Pipelines reference - Preparers Innovation Release
This reference documentation for Pipelines preparers includes information on the functions and views available in the aidb extension related to preparers. See Usage and Examples for more details.
Views
aidb.preparers
Also referenceable as aidb.preps, the aidb.preparers view contains information about the configured data preparers. It includes the following columns:
| Column | Type | Description |
|---|---|---|
| id | INTEGER | |
| name | TEXT | Name of the preparer. |
| operation | aidb.DataPreparationOperation | The kind of processing step to perform. |
| destination_schema | TEXT | Schema of the destination table to store the output data. |
| destination_table | TEXT | Name of the destination table to store the output data. |
| destination_key_column | TEXT | Column of the destination table that references the key in source data. |
| destination_data_column | TEXT | Column of the destination table to store the output data. |
| options | JSONB | Configuration options for the data preparation operation. Uses the same API as the data preparation primitives. |
| source_type | TEXT | Type of source data the preparer is working with. Can be either 'Table' or 'Volume'. |
| source_schema | TEXT | Schema of the table with the source data the preparer will process. Applies only to preparers of Table source type. |
| source_table | TEXT | Name of the table with the source data the preparer will process. Applies only to preparers of Table source type. |
| source_data_column | TEXT | Column in the source table with the source data the preparer will process. Applies only to preparers of Table source type. |
| source_key_column | TEXT | Name of the key column in the source table for reference with the output processed data. Applies only to preparers of Table source type. |
| source_volume_name | TEXT | Name of the volume to use as a data source. Applies only to preparers of Volume source type. |
Types
aidb.DataPreparationOperation
The aidb.DataPreparationOperation type is an enum that represents the different types of preprocessing steps that can be performed:
- ChunkText
- SummarizeText
- ParseHtml
- ParsePdf
- PerformOcr
Functions
aidb.create_table_preparer
Creates a preparer with a source data table.
Parameters
| Parameter | Type | Default | Description |
|---|---|---|---|
| name | TEXT | Required | Name of the preparer |
| operation | aidb.DataPreparationOperation | Required | Type of data preparation operation |
| source_table | TEXT | Required | Name of the source data table |
| source_data_column | TEXT | Required | Column in the source table containing the raw data |
| destination_table | TEXT | Required | Name of the destination table |
| destination_data_column | TEXT | Required | Column in the destination table for processed data |
| source_key_column | TEXT | 'id' | Unique column in the source table to use as key to reference the rows. |
| destination_key_column | TEXT | 'id' | Key column in the destination table that references the source_key_column |
| options | JSONB | '{}'::JSONB | Configuration options for the data preparation operation. Uses the same API as the data preparation primitives. |
aidb.create_preparer_for_table (deprecated)

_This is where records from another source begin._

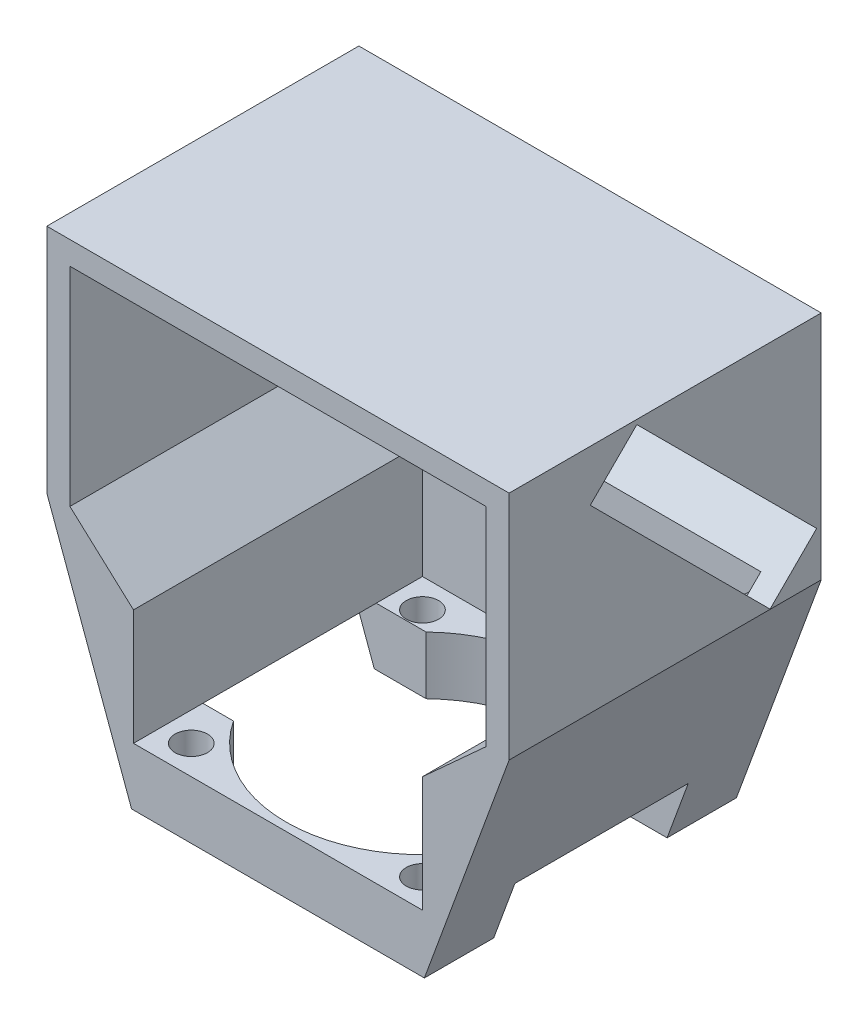
SolidWorks part; units mm, degrees
ref_plane "Front Plane" through (0, 0, 0) normal (1, 0, 0) x (0, 1, 0)
ref_plane "Top Plane" through (0, 0, 0) normal (0, 0, 1) x (0, 1, 0)
ref_plane "Right Plane" through (0, 0, 0) normal (0, 1, 0) x (-1, 0, 0)
sketch "Sketch2" plane through (0, 0, 0) normal (0, 0, 1) x (0, 1, 0)
  line L1 (-20, -20) -> (20, -20)
  line L2 (-20, -20) -> (-20, 20)
  line L3 (-20, 20) -> (20, 20)
  line L4 (20, -20) -> (20, 20)
  line L5 (-20, -20) -> (20, 20) construction
  line L6 (-20, 20) -> (20, -20) construction
  line L11 (-25, 12.5) -> (-15, -12.5) construction
  line L12 (-25, -12.5) -> (-15, 12.5) construction
  line L13 (-15, 12.5) -> (-5, 12.5)
  line L14 (-15, 12.5) -> (-15, -12.5)
  line L15 (-15, -12.5) -> (-5, -12.5)
  line L16 (-5, 12.5) -> (-5, -12.5)
  line L17 (20, 12.5) -> (5.2, 12.5)
  line L18 (20, 12.5) -> (20, -12.5)
  line L19 (20, -12.5) -> (5.2, -12.5)
  line L20 (5.2, 12.5) -> (5.2, -12.5)
  line L21 (-20, 12.5) -> (-15, 12.5)
  line L22 (-20, 12.5) -> (-20, -12.5)
  line L23 (-20, -12.5) -> (-15, -12.5)
  line L24 (-15, 12.5) -> (-15, -12.5)
  point P0 (0, 0)
  point P6 (-20, 0)
  dimension "D1" = 40
  dimension "D2" = 40
  dimension "D3" = 25
  dimension "D4" = 10
  dimension "D5" = 10
  dimension "D6" = 14.8
extrude "Boss-Extrude1" add sketch "Sketch2" along normal blind 25 contours L2 L23 L14 L21 region at (0, -17.5, 0)
extrude "Boss-Extrude2" add sketch "Sketch2<3>" against normal blind 2 contours L3 L4 L1 L2
sketch "Sketch2<3>" plane through (0, 0, 0) normal (0, 0, 1) x (0, 1, 0) same geometry as "Sketch2"
sketch "Sketch3" plane through (0, -20, 0) normal (0, -1, 0) x (1, 0, 0)
  line L1 (-12.5, 25) -> (12.5, 25)
  line L2 (-12.5, 25) -> (-12.5, 0)
  line L3 (-12.5, 0) -> (12.5, 0)
  line L4 (12.5, 25) -> (12.5, 0)
  circle A0 centre (0, 12.5) radius 11.8
  circle A1 centre (-10, 22.5) radius 1.4
  circle A2 centre (10, 22.5) radius 1.4
  circle A3 centre (10, 2.5) radius 1.4
  circle A4 centre (-10, 2.5) radius 1.4
  dimension "D1" = 4
extrude "Cut-Extrude1" cut sketch "Sketch3" against normal blind 21 and the other way through all contours A1 | A0 | A2 | A3 | A4 region at (0, -20, 12.5) region at (-10, -20, 22.5) region at (10, -20, 22.5) region at (10, -20, 2.5) region at (-10, -20, 2.5)
sketch "Sketch6" plane through (20, 0, 0) normal (1, 0, 0) x (0, 1, 0)
  line L0 (0, 0) -> (18, 18)
  line L1 (20, 0) -> (18, 0)
  line L2 (20, 0) -> (20, 25)
  line L3 (20, 25) -> (18, 25)
  line L4 (18, 0) -> (18, 25)
  line L5 (18, 0) -> (0, 0)
  line L6 (18, 0) -> (18, 18)
  line L7 (18, 18) -> (0, 18)
  line L8 (0, 0) -> (0, 18)
  dimension "D1" = 25
  dimension "D2" = 2
  dimension "D3" = 18
  dimension "D4" = 18
extrude "Boss-Extrude3" add sketch "Sketch6" against normal up to surface (40 mm away) contours L3 L4 L0 | L4 L3 L2 region at (20, 12, 6) region at (20, 19, 12.5) up to face at (-20, 0, -1)
sketch "Sketch7" plane through (0, 0, 0) normal (0, -0.7071, 0.7071) x (1, 0, 0)
  line L0 (20, 0) -> (20, 25.4558) construction
  line L1 (-20, 25.4558) -> (0, 25.4558)
  line L2 (-20, 25.4558) -> (-20, 12.7279)
  line L3 (-20, 12.7279) -> (0, 12.7279)
  line L4 (0, 25.4558) -> (0, 12.7279)
  line L5 (-18, 1.7279) -> (18, 1.7279)
  line L6 (-18, 1.7279) -> (-18, 23.7279)
  line L7 (-18, 23.7279) -> (18, 23.7279)
  line L8 (18, 1.7279) -> (18, 23.7279)
  line L9 (-18, 1.7279) -> (18, 23.7279) construction
  line L10 (-18, 23.7279) -> (18, 1.7279) construction
  line L11 (16, 4.7279) -> (20, 4.7279)
  line L12 (16, 4.7279) -> (16, 20.7279)
  line L13 (16, 20.7279) -> (20, 20.7279)
  line L14 (20, 4.7279) -> (20, 20.7279)
  line L15 (16, 4.7279) -> (20, 20.7279) construction
  line L16 (16, 20.7279) -> (20, 4.7279) construction
  point P9 (18, 12.7279)
  line M13 (20, 0) -> (20, 25.4558)
  dimension "D1" = 12.7279
  dimension "D2" = 22
  dimension "D3" = 36
  dimension "D4" = 16
extrude "Cut-Extrude2" cut sketch "Sketch7" against normal blind 4 contours L12 L13 L8 L7 L4 L3 L6 L5 L11 | L7 L6 L3 L4 | L13 L12 L11 L8 | L13 L8 L11 M13 region at (2.2028, 7.6298, 7.6298) region at (-9, 12.8891, 12.8891) region at (19, 9, 9) region at (17, 9, 9)
sketch "Sketch8" plane through (0, 0, 0) normal (0, 0, 1) x (1, 0, 0)
  line L0 (-18, 0) -> (-12.5, -15)
  line L1 (-12.5, -15) -> (-20, -15)
  line L2 (-12.5, -15) -> (-12.5, 0)
  line L3 (-12.5, 0) -> (-20, 0)
  line L4 (-20, -15) -> (-20, 0)
  line L5 (12.5, -15) -> (20, -15)
  line L6 (12.5, -15) -> (12.5, 0)
  line L7 (12.5, 0) -> (20, 0)
  line L8 (20, -15) -> (20, 0)
  line L9 (-20, 0) -> (-12.5, -20.4545)
  line L10 (-12.5, -15) -> (-12.5, -20.4545)
  line L11 (18, 0) -> (12.5, -15)
  line L12 (20, 0) -> (12.2526, -21.1292)
  line L13 (12.5, -15) -> (12.5, -20.4545)
  line M9 (20, 0) -> (-20, 0)
  line M11 (-20, -20) -> (-12.5, -20)
  line M12 (-12.5, -20) -> (-12.5, -15)
  line M14 (12.5, -15) -> (12.5, -20)
  line M15 (12.5, -20) -> (20, -20)
extrude "Boss-Extrude4" add sketch "Sketch8" along normal up to surface (25 mm away) contours L9 L1 L0 M9 | L1 L9 M11 M12 | L12 L11 L5 M9 | L12 L5 M14 M15 region at (-16.25, -7.5, 0) region at (-13.1709, -16.7949, 0) region at (16.25, -7.5, 0) region at (13.1709, -16.7949, 0) up to face at (0, -17.5, 25)
sketch "Sketch9" plane through (0, 0, 25) normal (0, 0, 1) x (1, 0, 0)
  line L1 (-20, 18) -> (-18, 18)
  line L2 (-20, 18) -> (-20, 0)
  line L3 (-20, 0) -> (-18, 0)
  line L4 (-18, 18) -> (-18, 0)
  line L5 (20, 18) -> (18, 18)
  line L6 (20, 18) -> (20, 0)
  line L7 (20, 0) -> (18, 0)
  line L8 (18, 18) -> (18, 0)
extrude "Boss-Extrude5" add sketch "Sketch9" against normal up to surface (7 mm away) up to face at (5.4286, 7.7143, 7.7143)
sketch "Sketch10" plane through (0, 0, 0) normal (0, 0, 1) x (1, 0, 0)
  line L0 (-20, 0) -> (-12.6667, -20)
  line L1 (-12.6667, -20) -> (-20, -20)
  line L2 (-20, -20) -> (-20, 0)
  line L3 (20, 0) -> (20, -20)
  line L4 (20, -20) -> (12.6667, -20)
  line L5 (12.6667, -20) -> (20, 0)
extrude "Cut-Extrude3" cut sketch "Sketch10" against normal blind 4
sketch "Sketch11" plane through (0, 0, 0) normal (0, 0, 1) x (1, 0, 0)
  line L0 (-12.5, -5) -> (-18, 0)
  line L1 (-12.5, -15) -> (12.5, -15)
  line L2 (-12.5, -15) -> (-12.5, -5)
  line L3 (-12.5, -5) -> (12.5, -5)
  line L4 (12.5, -15) -> (12.5, -5)
  line L5 (-20, 0) -> (-18, 0)
  line L6 (18, 0) -> (12.5, -5)
  line L7 (18, 0) -> (12.5, -15)
  line L8 (-18, 0) -> (-12.5, -15)
  line M6 (-18, 0) -> (-12.5, -15)
  line M8 (12.5, -15) -> (18, 0)
  dimension "D1" = 10
extrude "Boss-Extrude6" add sketch "Sketch11" along normal up to surface (25 mm away) contours L6 L4 M8 | L2 L0 M6 region at (-14.3333, -6.6667, 0) region at (14.3333, -6.6667, 0) up to face at (0, 1, 25)
sketch "Sketch12" plane through (20, 0, 0) normal (1, 0, 0) x (0, 1, 0)
  line L0 (6.1716, 0.5147) -> (17.4853, 11.8284)
  line L1 (6.1716, 0.5147) -> (1.9289, 4.7574)
  line L2 (17.4853, 11.8284) -> (13.2426, 16.0711)
  line L3 (1.9289, 4.7574) -> (13.2426, 16.0711)
  dimension "D1" = 6
extrude "Cut-Extrude4" cut sketch "Sketch12" against normal blind 4
sketch "Sketch13" plane through (18, 0, 0) normal (-1, 0, 0) x (0, -1, 0)
  line L0 (-19.6066, 13.9497) -> (-4.0503, -1.6066)
  line L1 (-19.6066, 13.9497) -> (-15.5761, 17.9803)
  line L2 (-4.0503, -1.6066) -> (-0.0197, 2.4239)
  line L3 (-15.5761, 17.9803) -> (-0.0197, 2.4239)
  dimension "D1" = 5.7
extrude "Cut-Extrude5" cut sketch "Sketch13" against normal blind 10
sketch "Sketch14" plane through (20, 0, 0) normal (1, 0, 0) x (0, 1, 0)
  line L0 (1.9289, 4.7574) -> (2.1411, 4.5452)
  line L1 (1.9289, 4.7574) -> (13.3484, 16.1769)
  line L2 (2.1411, 4.5452) -> (13.5606, 15.9647)
  line L3 (13.3484, 16.1769) -> (13.5606, 15.9647)
extrude "Boss-Extrude7" add sketch "Sketch14" against normal up to surface (2 mm away) up to face at (18, 8.3636, 12.3031)
sketch "Sketch15" plane through (20, 0, 0) normal (1, 0, 0) x (0, 1, 0)
  line L0 (-20, 25) -> (-20, -2) construction
  line L1 (-25, 4) -> (-15, 4)
  line L2 (-25, 4) -> (-25, 19)
  line L3 (-25, 19) -> (-15, 19)
  line L4 (-15, 4) -> (-15, 19)
  line L5 (-25, 4) -> (-15, 19) construction
  line L6 (-25, 19) -> (-15, 4) construction
  point P0 (-20, 11.5)
  dimension "D1" = 10
  dimension "D2" = 15
extrude "Cut-Extrude6" cut sketch "Sketch15" against normal blind 37

Replaced by aidb.create_table_preparer with same arguments.
aidb.create_volume_preparer
Creates a preparer for a given PGFS volume.
Parameters
| Parameter | Type | Default | Description |
|---|---|---|---|
| name | TEXT | Required | Name of the preparer |
| operation | aidb.DataPreparationOperation | Required | Type of data preparation operation |
| source_volume_name | TEXT | Required | Name of the source volume containing the raw data |
| destination_table | TEXT | Required | Name of the destination table |
| destination_data_column | TEXT | Required | Column in the destination table for processed data |
| destination_key_column | TEXT | 'id' | Key column in the destination table that uniquely identifies the processed data |
| options | JSONB | '{}'::JSONB | Configuration options for the data preparation operation. Uses the same API as the data preparation primitives. |
| invoker_role | TEXT | NULL | Role owning the tables, pipelines, and background job execution. |
aidb.create_preparer_for_volume (deprecated)
Replaced by aidb.create_volume_preparer with same arguments.
aidb.bulk_data_preparation
Executes the configured data preparation operation on all data from the specified preparer’s source.
Parameters
| Parameter | Type | Description |
|---|---|---|
| preparer_name | TEXT | Name of the preparer |
aidb.set_auto_preparer
Sets the automatic processing mode for this preparer. This function is used to enable and disable automatic data preparation: Live mode enables the Postgres trigger-based automation and Disabled disables all automation.
Parameters
| Parameter | Type | Default | Description |
|---|---|---|---|
| preparer_name | TEXT | Name of preparer | |
| mode | aidb.PipelineAutoProcessingMode | Desired processing mode |
Example
SELECT aidb.set_auto_preparer('test_preparer', 'Live'); SELECT aidb.set_auto_preparer('test_preparer', 'Disabled');
aidb.set_preparer_auto_processing (deprecated)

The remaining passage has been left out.